# Hansel and Gretal Cottage, May14



## The Wombat (May 25, 2014)

*I went to visit my mate who lives in Nowheresville, Lincolnshire, and made a detour on the way back to revisit this little gem. Not much history on the place, but I reckon it has been derelict at least five years. The occupant liked horses, had false teeth, and had a strange interest in hyms. It has a gorgeous exterior, which nature is slowly recovering, and is set against some woodlands.

Sorry, but I’m not particularly keen to share the location of this one, as I don’t want it to get any further trashed & looted.

Explore on my own.*
































Was there ever a top one hundred hymns list ever compiled!?

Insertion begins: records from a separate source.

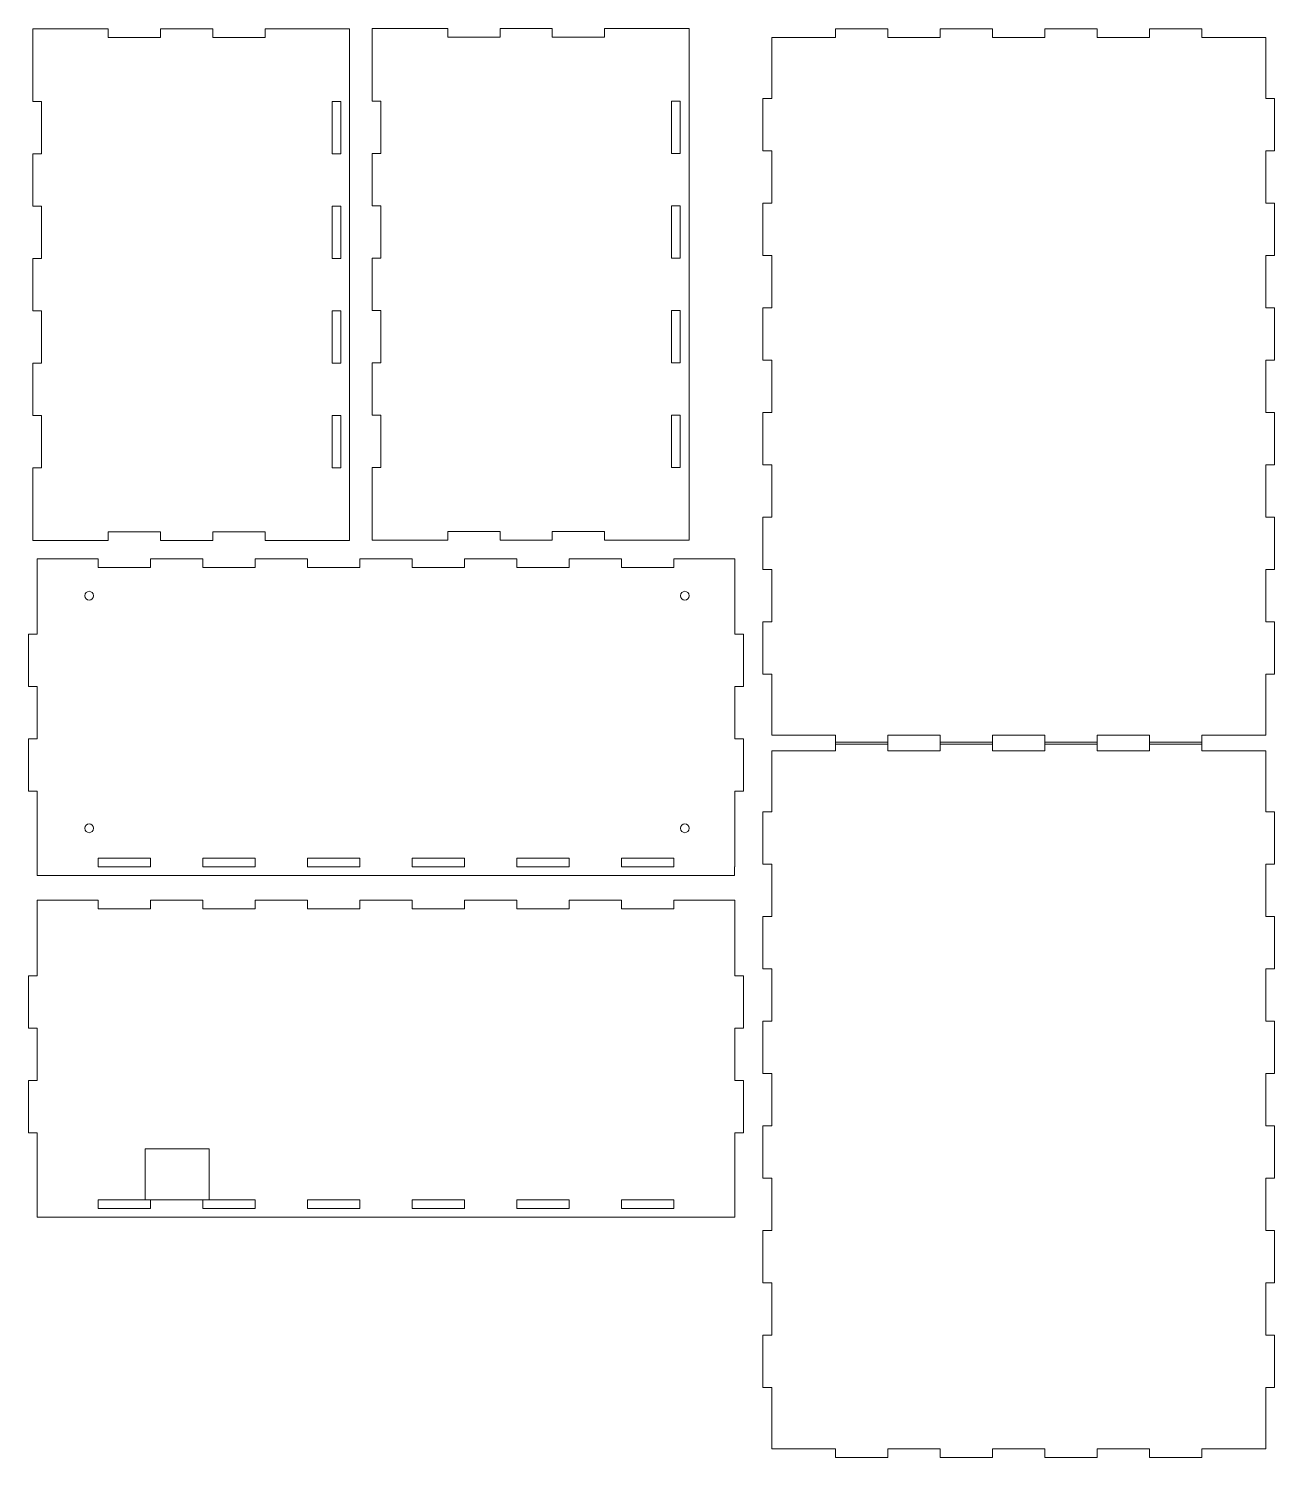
# Model space of a CAD drawing. Header units: centimetres. Extents: x 0.3 to 43.2, y 0 to 49.1.
import ezdxf

# ---------------------------------------------------------------- set-up
doc = ezdxf.new("R2010")
doc.units = ezdxf.units.CM
doc.header["$MEASUREMENT"] = 0
doc.layers.add('Cortes', color=7, linetype='Continuous', lineweight=0)

# ---------------------------------------------------------------- blocks, each defined once
blk = doc.blocks.new('Block_0')
at = {"layer": 'Cortes', "color": 1, "lineweight": 9, "true_color": 0xff0000}
blk.add_lwpolyline([(11.069, 48.435)], dxfattribs=at)
for points, knots in [([(11.069, 49.135), (11.069, 49.135), (8.469, 49.135), (8.469, 49.135), (8.469, 49.135), (8.469, 48.835), (8.469, 48.835), (8.469, 48.835), (6.669, 48.835), (6.669, 48.835), (6.669, 48.835), (6.669, 49.135), (6.669, 49.135), (6.669, 49.135), (4.869, 49.135), (4.869, 49.135), (4.869, 49.135), (4.869, 48.835), (4.869, 48.835), (4.869, 48.835), (3.069, 48.835), (3.069, 48.835), (3.069, 48.835), (3.069, 49.135), (3.069, 49.135), (3.069, 49.135), (1.269, 49.135), (1.269, 49.135), (1.269, 49.135), (0.469, 49.135), (0.469, 49.135), (0.469, 49.135), (0.469, 46.635), (0.469, 46.635), (0.469, 46.635), (0.769, 46.635), (0.769, 46.635), (0.769, 46.635), (0.769, 44.835), (0.769, 44.835), (0.769, 44.835), (0.469, 44.835), (0.469, 44.835), (0.469, 44.835), (0.469, 43.035), (0.469, 43.035), (0.469, 43.035), (0.769, 43.035), (0.769, 43.035), (0.769, 43.035), (0.769, 41.235), (0.769, 41.235), (0.769, 41.235), (0.469, 41.235), (0.469, 41.235), (0.469, 41.235), (0.469, 39.435), (0.469, 39.435), (0.469, 39.435), (0.769, 39.435), (0.769, 39.435), (0.769, 39.435), (0.769, 37.635), (0.769, 37.635), (0.769, 37.635), (0.469, 37.635), (0.469, 37.635), (0.469, 37.635), (0.469, 35.835), (0.469, 35.835), (0.469, 35.835), (0.769, 35.835), (0.769, 35.835), (0.769, 35.835), (0.769, 34.035), (0.769, 34.035), (0.769, 34.035), (0.469, 34.035), (0.469, 34.035), (0.469, 34.035), (0.469, 32.235), (0.469, 32.235), (0.469, 32.235), (0.469, 31.535), (0.469, 31.535), (0.469, 31.535), (3.069, 31.535), (3.069, 31.535), (3.069, 31.535), (3.069, 31.835), (3.069, 31.835), (3.069, 31.835), (4.869, 31.835), (4.869, 31.835), (4.869, 31.835), (4.869, 31.535), (4.869, 31.535), (4.869, 31.535), (6.669, 31.535), (6.669, 31.535), (6.669, 31.535), (6.669, 31.835), (6.669, 31.835), (6.669, 31.835), (8.469, 31.835), (8.469, 31.835), (8.469, 31.835), (8.469, 31.535), (8.469, 31.535), (8.469, 31.535), (10.269, 31.535), (10.269, 31.535), (10.269, 31.535), (11.069, 31.535), (11.069, 31.535)], [0, 0, 0, 0, 1, 1, 1, 2, 2, 2, 3, 3, 3, 4, 4, 4, 5, 5, 5, 6, 6, 6, 7, 7, 7, 8, 8, 8, 9, 9, 9, 10, 10, 10, 11, 11, 11, 12, 12, 12, 13, 13, 13, 14, 14, 14, 15, 15, 15, 16, 16, 16, 17, 17, 17, 18, 18, 18, 19, 19, 19, 20, 20, 20, 21, 21, 21, 22, 22, 22, 23, 23, 23, 24, 24, 24, 25, 25, 25, 26, 26, 26, 27, 27, 27, 28, 28, 28, 29, 29, 29, 30, 30, 30, 31, 31, 31, 32, 32, 32, 33, 33, 33, 34, 34, 34, 35, 35, 35, 36, 36, 36, 37, 37, 37, 38, 38, 38, 38]), ([(11.069, 31.535), (11.069, 31.535), (11.369, 31.535), (11.369, 31.535), (11.369, 31.535), (11.369, 49.135), (11.369, 49.135), (11.369, 49.135), (11.069, 49.135), (11.069, 49.135)], [0, 0, 0, 0, 1, 1, 1, 2, 2, 2, 3, 3, 3, 3]), ([(11.069, 46.635), (11.069, 46.635), (10.769, 46.635), (10.769, 46.635), (10.769, 46.635), (10.769, 44.835), (10.769, 44.835), (10.769, 44.835), (11.069, 44.835), (11.069, 44.835), (11.069, 44.835), (11.069, 46.635), (11.069, 46.635)], [0, 0, 0, 0, 1, 1, 1, 2, 2, 2, 3, 3, 3, 4, 4, 4, 4]), ([(11.069, 43.035), (11.069, 43.035), (10.769, 43.035), (10.769, 43.035), (10.769, 43.035), (10.769, 41.235), (10.769, 41.235), (10.769, 41.235), (11.069, 41.235), (11.069, 41.235), (11.069, 41.235), (11.069, 43.035), (11.069, 43.035)], [0, 0, 0, 0, 1, 1, 1, 2, 2, 2, 3, 3, 3, 4, 4, 4, 4]), ([(11.069, 39.435), (11.069, 39.435), (10.769, 39.435), (10.769, 39.435), (10.769, 39.435), (10.769, 37.635), (10.769, 37.635), (10.769, 37.635), (11.069, 37.635), (11.069, 37.635), (11.069, 37.635), (11.069, 39.435), (11.069, 39.435), (11.069, 39.435), (11.069, 39.435), (11.069, 39.435)], [0, 0, 0, 0, 1, 1, 1, 2, 2, 2, 3, 3, 3, 4, 4, 4, 5, 5, 5, 5]), ([(11.069, 35.835), (11.069, 35.835), (10.769, 35.835), (10.769, 35.835), (10.769, 35.835), (10.769, 34.035), (10.769, 34.035), (10.769, 34.035), (11.069, 34.035), (11.069, 34.035), (11.069, 34.035), (11.069, 35.835), (11.069, 35.835)], [0, 0, 0, 0, 1, 1, 1, 2, 2, 2, 3, 3, 3, 4, 4, 4, 4])]:
    blk.add_open_spline(points, degree=3, knots=knots, dxfattribs=at)
blk = doc.blocks.new('Block_1')
at = {"layer": 'Cortes', "color": 1, "lineweight": 9, "true_color": 0xff0000}
blk.add_lwpolyline([(22.749, 48.44)], dxfattribs=at)
for points, knots in [([(22.749, 49.14), (22.749, 49.14), (20.149, 49.14), (20.149, 49.14), (20.149, 49.14), (20.149, 48.84), (20.149, 48.84), (20.149, 48.84), (18.349, 48.84), (18.349, 48.84), (18.349, 48.84), (18.349, 49.14), (18.349, 49.14), (18.349, 49.14), (16.549, 49.14), (16.549, 49.14), (16.549, 49.14), (16.549, 48.84), (16.549, 48.84), (16.549, 48.84), (14.749, 48.84), (14.749, 48.84), (14.749, 48.84), (14.749, 49.14), (14.749, 49.14), (14.749, 49.14), (12.949, 49.14), (12.949, 49.14), (12.949, 49.14), (12.149, 49.14), (12.149, 49.14), (12.149, 49.14), (12.149, 46.64), (12.149, 46.64), (12.149, 46.64), (12.449, 46.64), (12.449, 46.64), (12.449, 46.64), (12.449, 44.84), (12.449, 44.84), (12.449, 44.84), (12.149, 44.84), (12.149, 44.84), (12.149, 44.84), (12.149, 43.04), (12.149, 43.04), (12.149, 43.04), (12.449, 43.04), (12.449, 43.04), (12.449, 43.04), (12.449, 41.24), (12.449, 41.24), (12.449, 41.24), (12.149, 41.24), (12.149, 41.24), (12.149, 41.24), (12.149, 39.44), (12.149, 39.44), (12.149, 39.44), (12.449, 39.44), (12.449, 39.44), (12.449, 39.44), (12.449, 37.64), (12.449, 37.64), (12.449, 37.64), (12.149, 37.64), (12.149, 37.64), (12.149, 37.64), (12.149, 35.84), (12.149, 35.84), (12.149, 35.84), (12.449, 35.84), (12.449, 35.84), (12.449, 35.84), (12.449, 34.04), (12.449, 34.04), (12.449, 34.04), (12.149, 34.04), (12.149, 34.04), (12.149, 34.04), (12.149, 32.24), (12.149, 32.24), (12.149, 32.24), (12.149, 31.54), (12.149, 31.54), (12.149, 31.54), (14.749, 31.54), (14.749, 31.54), (14.749, 31.54), (14.749, 31.84), (14.749, 31.84), (14.749, 31.84), (16.549, 31.84), (16.549, 31.84), (16.549, 31.84), (16.549, 31.54), (16.549, 31.54), (16.549, 31.54), (18.349, 31.54), (18.349, 31.54), (18.349, 31.54), (18.349, 31.84), (18.349, 31.84), (18.349, 31.84), (20.149, 31.84), (20.149, 31.84), (20.149, 31.84), (20.149, 31.54), (20.149, 31.54), (20.149, 31.54), (21.949, 31.54), (21.949, 31.54), (21.949, 31.54), (22.749, 31.54), (22.749, 31.54)], [0, 0, 0, 0, 1, 1, 1, 2, 2, 2, 3, 3, 3, 4, 4, 4, 5, 5, 5, 6, 6, 6, 7, 7, 7, 8, 8, 8, 9, 9, 9, 10, 10, 10, 11, 11, 11, 12, 12, 12, 13, 13, 13, 14, 14, 14, 15, 15, 15, 16, 16, 16, 17, 17, 17, 18, 18, 18, 19, 19, 19, 20, 20, 20, 21, 21, 21, 22, 22, 22, 23, 23, 23, 24, 24, 24, 25, 25, 25, 26, 26, 26, 27, 27, 27, 28, 28, 28, 29, 29, 29, 30, 30, 30, 31, 31, 31, 32, 32, 32, 33, 33, 33, 34, 34, 34, 35, 35, 35, 36, 36, 36, 37, 37, 37, 38, 38, 38, 38]), ([(22.76, 31.54), (22.76, 31.54), (23.06, 31.54), (23.06, 31.54), (23.06, 31.54), (23.06, 49.14), (23.06, 49.14), (23.06, 49.14), (22.76, 49.14), (22.76, 49.14)], [0, 0, 0, 0, 1, 1, 1, 2, 2, 2, 3, 3, 3, 3]), ([(22.749, 46.64), (22.749, 46.64), (22.449, 46.64), (22.449, 46.64), (22.449, 46.64), (22.449, 44.84), (22.449, 44.84), (22.449, 44.84), (22.749, 44.84), (22.749, 44.84), (22.749, 44.84), (22.749, 46.64), (22.749, 46.64)], [0, 0, 0, 0, 1, 1, 1, 2, 2, 2, 3, 3, 3, 4, 4, 4, 4]), ([(22.749, 43.04), (22.749, 43.04), (22.449, 43.04), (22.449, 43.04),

This house is like a tardis - much bigger inside than you expect


















​Thanks for looking


----------



## tumble112 (May 25, 2014)

Great pics, the external shots give a nice perspective.


----------



## Ninja Kitten (May 25, 2014)

awwwwww so sweet!!


----------



## Mikeymutt (May 25, 2014)

Cracking place.such a cosy little cottage.


----------



## Zedstar (May 25, 2014)

Brilliant find bud.... great piano...


----------



## Desolate Nation (May 25, 2014)

What a fab little place...nice find


----------



## LENNY147 (May 25, 2014)

Looks good mate


----------



## skankypants (May 25, 2014)

Great little find that pal..


----------



## Jodee1kenobi (May 26, 2014)

Oooo lovely! Thanks for sharing


----------



## DirtyJigsaw (May 26, 2014)

Lovely. Cracking first shot!


----------



## mrtoby (May 26, 2014)

top drawer stuff


----------



## krela (May 26, 2014)

Maybe whoever lived there was organist at the local church. That's lovely thank you.


----------



## King Al (May 26, 2014)

Great find Wombat, amazing amount of character in such a tiny building! Slightly disappointed in the lack of structural gingerbread, cake and sweets though...


----------



## flyboys90 (May 26, 2014)

Beautiful cottage in a idyllic setting,ace pics.


----------



## Stealthstar79 (May 26, 2014)

Your right it's much bigger than you expect!
Great shots, really is a cute little place


----------



## The Wombat (May 26, 2014)

Many thanks everyone for your comments 




King Al said:


> Great find Wombat, amazing amount of character in such a tiny building! Slightly disappointed in the lack of structural gingerbread, cake and sweets though...



Lol King Al
Structural gingerbread might have been better; the upstairs is getting a bit creaky


----------



## Onmyown (May 26, 2014)

That's a smashing little cottage..nice pics too,thanks


----------



## Sshhhh... (May 26, 2014)

Cute little place!


----------



## The Wombat (Jun 16, 2014)

Thanks Onmyown & Sshhhh


----------